По тому, как воспрянул свитский генерал, пан магистр понял: в последнее время жизнь не щедро одаривала радостями пана Шимановского, как, впрочем, и пана Миколайчика. Иначе какой резон ликовать по столь скромному поводу? А свитский генерал почти ликовал. Эта радость, неуемная, даже чуть-чуть затмила у пана Шимановского способность к здравому мышлению, что было прежде его несомненным достоинством. В противном случае он не обманывал бы себя чрезмерными надеждами.
Конец разговора достойно венчал встречу пана магистра с другом детства.
— Послушай, Шимановский, ты веришь в мое доброе отношение к тебе, доброе всегда и сегодня не меньше, чем всегда?
— Верю, честное слово, верю.
— Тогда разреши дать тебе совет?
— Давай.
Непросто было отважиться сказать ему то, что задумал сказать пан магистр, решение было принято, уже принято.
— Возвращайся в свою химию и оставайся в Польше — честное слово, не пожалеешь!..
Шимановский ошалел — ничего подобного он, конечно, не ожидал.
— В каком смысле не пожалею?
— То, что не понял, поймешь… Честное слово, поймешь.
Ну, разумеется, Шимановский тогда ничего не сказал, да и не мог сказать: такое нелегко уложить в сознание.

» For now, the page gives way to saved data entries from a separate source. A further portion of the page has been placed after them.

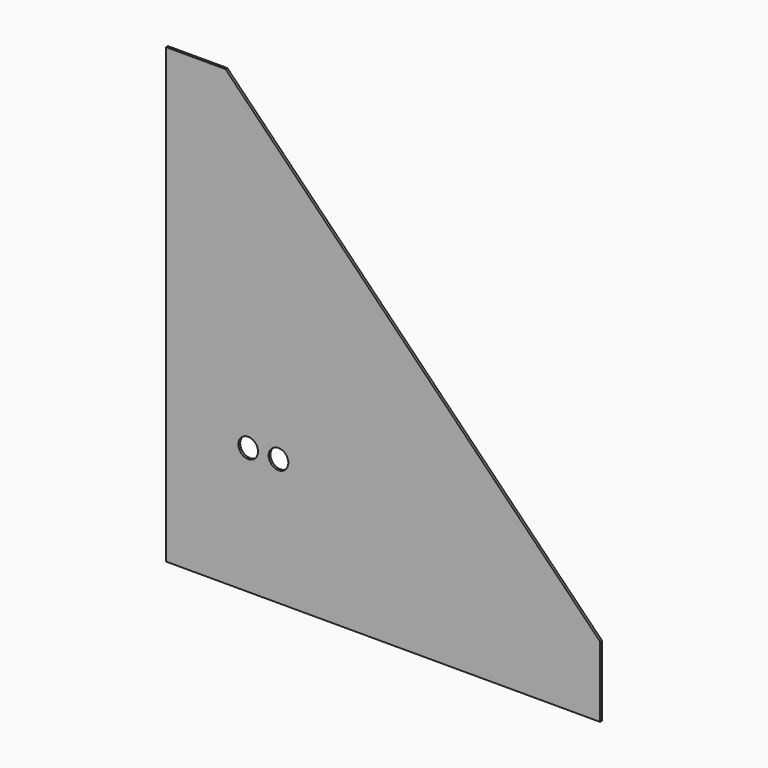
from build123d import *

# Parameters (mm, degrees)
F1_DEPTH = 6


with BuildPart() as f1:
    # F0 (on Front) → F1 (new body)
    with BuildSketch(Plane.XZ):
        with BuildLine():
            Line((-415, 600), (-572, 600))
            Line((-572, 600), (-572, -262))
            Line((-572, -262), (-381, -262))
            ThreePointArc((-381, -262), (-355, -236), (-329, -262))
            Line((-329, -262), (-301, -262))
            ThreePointArc((-301, -262), (-275, -236), (-249, -262))
            ThreePointArc((-249, -262), (-256.6152236891, -280.3847763109), (-275, -288))
            Line((-275, -288), (-275, -597))
            Line((-275, -597), (575, -597))
            Line((575, -597), (575, -410))
            Line((575, -410), (-415, 600))
        make_face()
        with BuildLine():
            Line((-381, -262), (-572, -262))
            Line((-572, -262), (-572, -597))
            Line((-572, -597), (-355, -597))
            Line((-355, -597), (-355, -288))
            ThreePointArc((-355, -288), (-373.3847763109, -280.3847763109), (-381, -262))
        make_face()
        with BuildLine():
            Line((-301, -262), (-329, -262))
            ThreePointArc((-329, -262), (-336.6152236891, -280.3847763109), (-355, -288))
            Line((-355, -288), (-355, -597))
            Line((-355, -597), (-275, -597))
            Line((-275, -597), (-275, -288))
            ThreePointArc((-275, -288), (-293.3847763109, -280.3847763109), (-301, -262))
        make_face()
    extrude(amount=F1_DEPTH)


solid = f1.part

Но пан магистр был рад, что привел разговор к этому знаменателю.
— Однако вы оптимист, пан магистр, — Тамбиев возвращал поляка, как казалось, к главному в нынешней беседе. — Не ясно ли, что передача западных земель укрепляет новую Польшу? Трудно допустить, чтобы Миколайчик не понимал этого — вот возьмет и отвергнет… Нет?
— Вряд ли, — спокойно ответил поляк, когда песок, белый от яркого света рефлекторов, зашумел у них под ногами. — Сказать ему так — все равно что наложить на себя руки: все, кто в него еще верит в Польше, перестанут верить…
— Новые вавилоняне? — спросил Тамбиев, не скрыв улыбки.
— Да, новые вавилоняне, — ответил поляк серьезно. — Кстати, их тоже есть смысл откалывать… Бардзо — есть смысл!
— Шимановский? — поднял Тамбиев внимательные глаза на пана магистра.
— Ну, пана Шимановского новым вавилонянином не наречешь, но его тоже, — ответил поляк.
81
Все утро дождило, и поэтому в большом зале, где собралась на свое очередное заседание конференция, зажгли свет.